Let us consider the decisions that a physician has to take about the course of treatment for her patient. The question she is trying to answer is whether the patient has the flu or not. Whether this is the case or not depends on many factors. For the sake of simplicity, let us assume that all factors are binary, whether the patient has a temperature, a runny nose, a sore throat, chills etc. Domingos highlights that if the data about each symptom is a binary variable, and n symptoms must be considered, a patient could have 2 to the power n possible combinations of symptoms. If we take, for example, twenty symptoms and pair them with a database of ten thousand patients, we've only encountered a tiny fraction of the approximately one million potential combinations. Moreover, achieving precise probability estimations for a specific combination demands a significant number of observations, at least tens of instances, requiring a database encompassing tens of millions of patients. If an additional ten symptoms are introduced, the requisite number of patients would exceed the total human population on Earth. With a hundred symptoms, even if data acquisition were instantaneous, the storage capacity across all hard drives globally would be insufficient to house all the probabilities.

To work around this, we make simplifying assumptions. The most popular assumption that is made is to consider all effects independent given the cause. So, having a fever does not change the patient’s likelihood of having a runny nose, if we already know they have the flu. Under this system, if you already know that the sun will rise, seeing the sky lighten does not alter the probability of the sun rising. A machine learning system that uses Bayes’ theorem assuming that the effects are independent given the cause is called a Naïve Bayes Theorem.
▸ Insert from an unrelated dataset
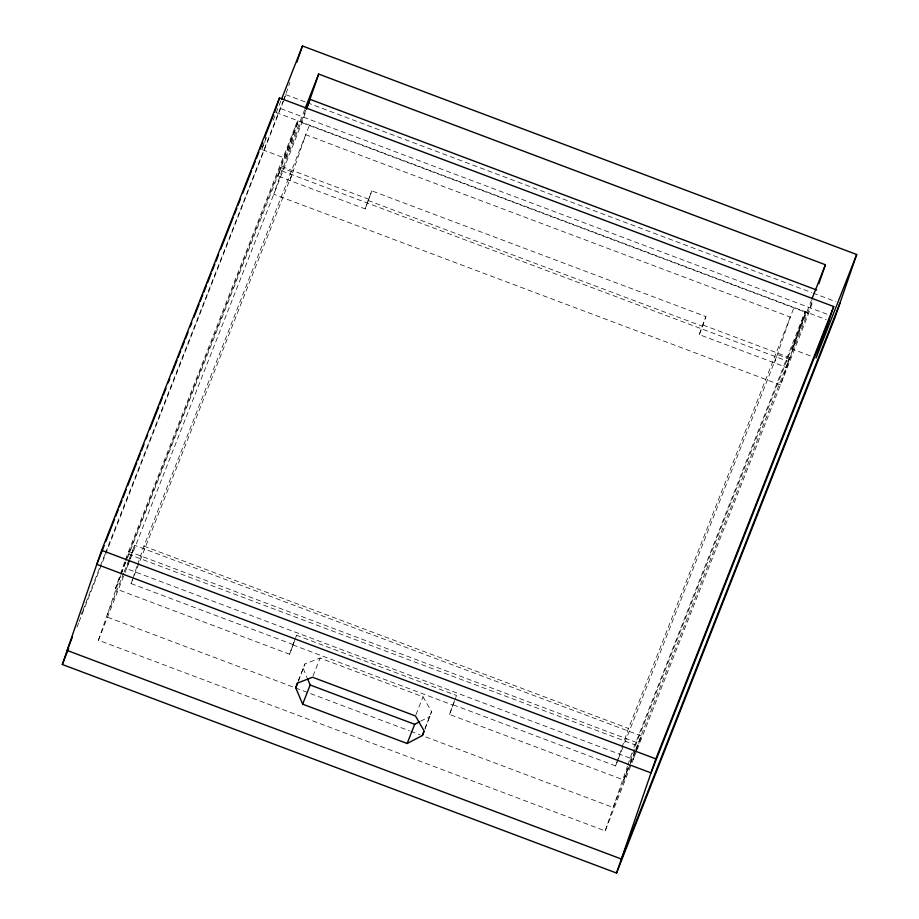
<?xml version="1.0" encoding="UTF-8"?>
<svg xmlns="http://www.w3.org/2000/svg" width="919" height="919" viewBox="0 0 919 919"><rect width="100%" height="100%" fill="white"/><g stroke="black" fill="none" stroke-linecap="round" stroke-linejoin="round"><path stroke-width="0.69" stroke-dasharray="4.59 3.45" d="M304.683 109.637L285.51 158.39L261.766 149.452L265.901 137.413M628.424 767.985L623.714 779.978L449.529 714.431L456.513 695.488L296.584 635.293L289.588 654.236L115.403 588.688L120.01 575.317M120.469 573.984L125.076 560.613M125.535 559.269L297.618 120.653L278.055 176.092L365.153 208.866L371.816 190.865L705.941 316.596L699.267 334.608L786.365 367.382L805.929 311.932L636.603 742.541L628.78 765.274M79.126 621.726L283.5 100.998M283.948 99.723L285.258 95.898M286.165 93.267L289.887 82.457M636.626 750.88L605.161 830.902L98.436 640.21L120.676 575.627M121.136 574.283L125.306 562.175M125.765 560.831L298.411 120.952L285.51 158.39M128.361 563.462L126.569 568.666L633.294 759.347L635.086 754.154M128.809 562.164L134.622 545.266L641.347 735.947L635.534 752.856M293.356 644.656L131.049 583.576L132.428 579.567M132.887 578.223L137.034 566.196M137.494 564.852L143.938 546.139L309.496 125.122M278.055 176.092L280.961 167.672L292.828 172.14L134.197 575.558M305.809 109.924L281.834 170.877L273.782 194.277L780.507 384.969L788.559 361.569L812.534 300.616M130.429 558.855L301.914 122.721L306.395 109.729M289.933 180.561L305.728 134.702L790.283 317.055L774.487 362.913M365.153 208.866L371.816 190.865M289.588 654.236L295.171 638.889M298.261 681.438L304.901 663.977L320.076 658.073L423.004 696.809L431.574 711.651L424.946 729.112M449.529 714.431L455.594 698.153M699.267 334.608L705.941 316.596M453.297 704.839L615.604 765.929L628.493 728.48L794.05 307.463M605.161 830.902L627.401 766.32M627.861 764.976L632.031 752.868M633.88 747.492L805.136 311.633L792.235 349.082L812.028 356.526M623.714 779.978L628.32 766.607M786.365 367.382L789.26 358.961L777.382 354.493L624.012 744.551M637.154 749.548L808.64 313.413L813.12 300.421M261.766 149.452L266.981 136.184M273.242 120.251L281.065 100.355M81.331 614.363L82.377 611.698M82.905 610.354L99.723 567.609M100.24 566.265L104.973 554.237M105.501 552.905L283.075 101.297M283.603 99.964L285.177 95.955M77.024 627.068L78.597 623.059M115.403 588.688L126.937 559.384M127.454 558.051L280.961 167.672M123.686 573.088L106.489 616.81L294.172 687.446M124.203 571.767L128.901 559.832M129.418 558.511L134.622 545.266M98.436 640.21L124.651 573.525M125.007 572.64L129.901 560.188M131.049 583.576L133.68 576.902M295.642 637.694L296.584 635.293M298.365 680.588L304.901 663.977M313.046 675.959L320.076 658.073M415.974 714.695L423.004 696.809M425.049 728.262L431.574 711.651M615.604 765.929L617.706 760.576M618.234 759.243L623.484 745.883M792.235 349.082L811.408 300.318M630.526 762.655L635.236 750.662M635.764 749.33L789.26 358.961M629.894 765.102L613.214 807.502L421.522 735.361M630.411 763.781L635.615 750.524M636.143 749.203L641.347 735.947M420.569 721.254L429.966 716.326M285.706 94.623L305.832 102.193M307.176 102.698L811.753 292.587M813.097 293.092L835.899 301.673M280.869 108.66L828.387 314.7M275.976 112.509L826.25 319.582M301.914 122.721L808.64 313.413M281.823 166.511L368.921 199.285M703.035 325.027L790.133 357.801M368.048 200.445L702.173 326.188M281.834 170.877L788.559 361.569M143.938 546.139L628.493 728.48M128.292 551.251L636.603 742.541M128.086 554.1L634.811 744.792M292.816 644.885L452.745 705.068M295.504 687.94L409.449 730.823M410.793 731.329L420.178 734.867M303.281 668.653L306.992 677.452"/><path stroke-width="1.38" d="M856.692 254.517L835.095 317.227L616.546 873.05L62.308 664.483L101.63 550.297L279.491 97.965L833.717 306.532L815.992 358.019L856.692 254.517L302.454 45.95L281.593 99.022M274.655 112.003L279.491 97.965M296.871 62.17L302.454 45.95M306.567 109.212L318.675 74.06L825.4 264.741L818.886 283.672M295.746 687.826L297.354 683.139L312.54 677.234L415.468 715.97L424.038 730.812L422.43 735.499L407.151 743.494L302.638 704.161L295.746 687.826L297.756 682.714M616.546 873.05L655.856 758.864L833.717 306.532M104.146 545.656L96.794 564.335L651.02 772.902L828.881 320.582M105.719 541.647L114.634 518.971M115.679 516.294L118.31 509.631M119.355 506.955L121.974 500.281M123.031 497.616L126.179 489.609M127.752 485.611L136.667 462.923M137.724 460.258L140.343 453.584M141.388 450.919L144.019 444.245M146.11 438.914L147.683 434.905M149.786 429.564L158.7 406.887M159.757 404.222L162.376 397.548M163.421 394.883L166.052 388.209M168.154 382.867L169.728 378.869M171.819 373.528L177.068 360.191M178.114 357.514L180.744 350.851M181.79 348.175L184.409 341.5M185.466 338.835L188.085 332.161M190.187 326.831L191.761 322.822M193.852 317.492L199.101 304.143M200.158 301.478L202.777 294.804M203.823 292.139L206.453 285.464M207.499 282.799L211.175 273.46M212.22 270.783L214.839 264.121M215.896 261.444L218.515 254.781M220.617 249.44L233.208 217.412M234.253 214.747L236.884 208.073M237.929 205.408L240.548 198.734M242.65 193.404L251.565 170.716M252.622 168.051L255.241 161.376M256.286 158.711L258.917 152.037M259.962 149.372L262.593 142.698M264.683 137.356L273.609 114.68M72.394 637.085L67.144 650.445L621.37 859.012L839.932 303.19M62.308 664.483L68.615 648.446M305.2 108.316L318.675 74.06M306.326 108.603L309.979 99.321L816.704 290.013M302.638 704.161L310.174 685L307.532 678.716M407.151 743.494L414.687 724.321L419.386 721.863M422.43 735.499L423.935 731.662M811.925 299.008L825.4 264.741M101.63 550.297L655.856 758.864M310.174 685L414.687 724.321"/></g></svg>

It is called so because making such assumptions in reality is naïve. Even so, it is extremely useful for many computational tasks. Its uses range from spam filters, where it helps in identifying words which are often seen in spam emails, or in search engines to predict relevance of web pages. Domingos very usefully draws a connection between the Naïve Bayes Theorem and the way the perceptron works. In both cases, each condition can contribute to the conclusion to varying degrees rather than being strictly binary. The need to deal with uncertainty was defined clearly as a long-term problem in AI development in the 1990s, and after trialling different approaches, the Bayesian inference became the default one.

What, then, is AI?

When we deal with AI, we are essentially dealing with pattern recognition systems, which are designed to automate decisions which are not necessarily pre-programmed or pre-determined. In the current state of art of AI, when we speak of sophisticated AI, we often mean some version of machine learning and more specifically, neural networks and deep learning algorithms. It is useless to talk in terms of sentience or autonomy of AI systems, for most conversations. Despite all their storied sophistication and dazzling aura, AI systems can be fooled by simple things — small, irrelevant edits to text documents, or changes in lighting. Even minor ‘noise’ can disrupt state-of-the-art image recognition systems. If small modifications are made to the rules of games that AI has mastered, it can often fail to adapt. These limitations highlight the AI's lack of understanding of the inputs they process or the outputs they produce, leaving them susceptible to unexpected errors and undetectable attacks. The impact of these machine errors can be minuscule and minor — extra steps to select pictures in a grid before you can log into a website, or extremely severe with high real-life costs — denial of benefits in a government programme with an automated delivery system or being locked out of a platform who you rely on to run your business by way automated detection of violation of community guidelines. Why we may want to regulate AI, has more to do with what it does — its purpose, its outputs and its impacts — rather than what it is. But, it is important to know what it is to arrive at appropriate strategies for how we can regulate it. In other essays in this collection, I talk about different kinds of transparency that AI systems need to deliver. A conceptual model of AI is needed to meaningfully make decisions about it, and respond to the decisions it makes for or about us.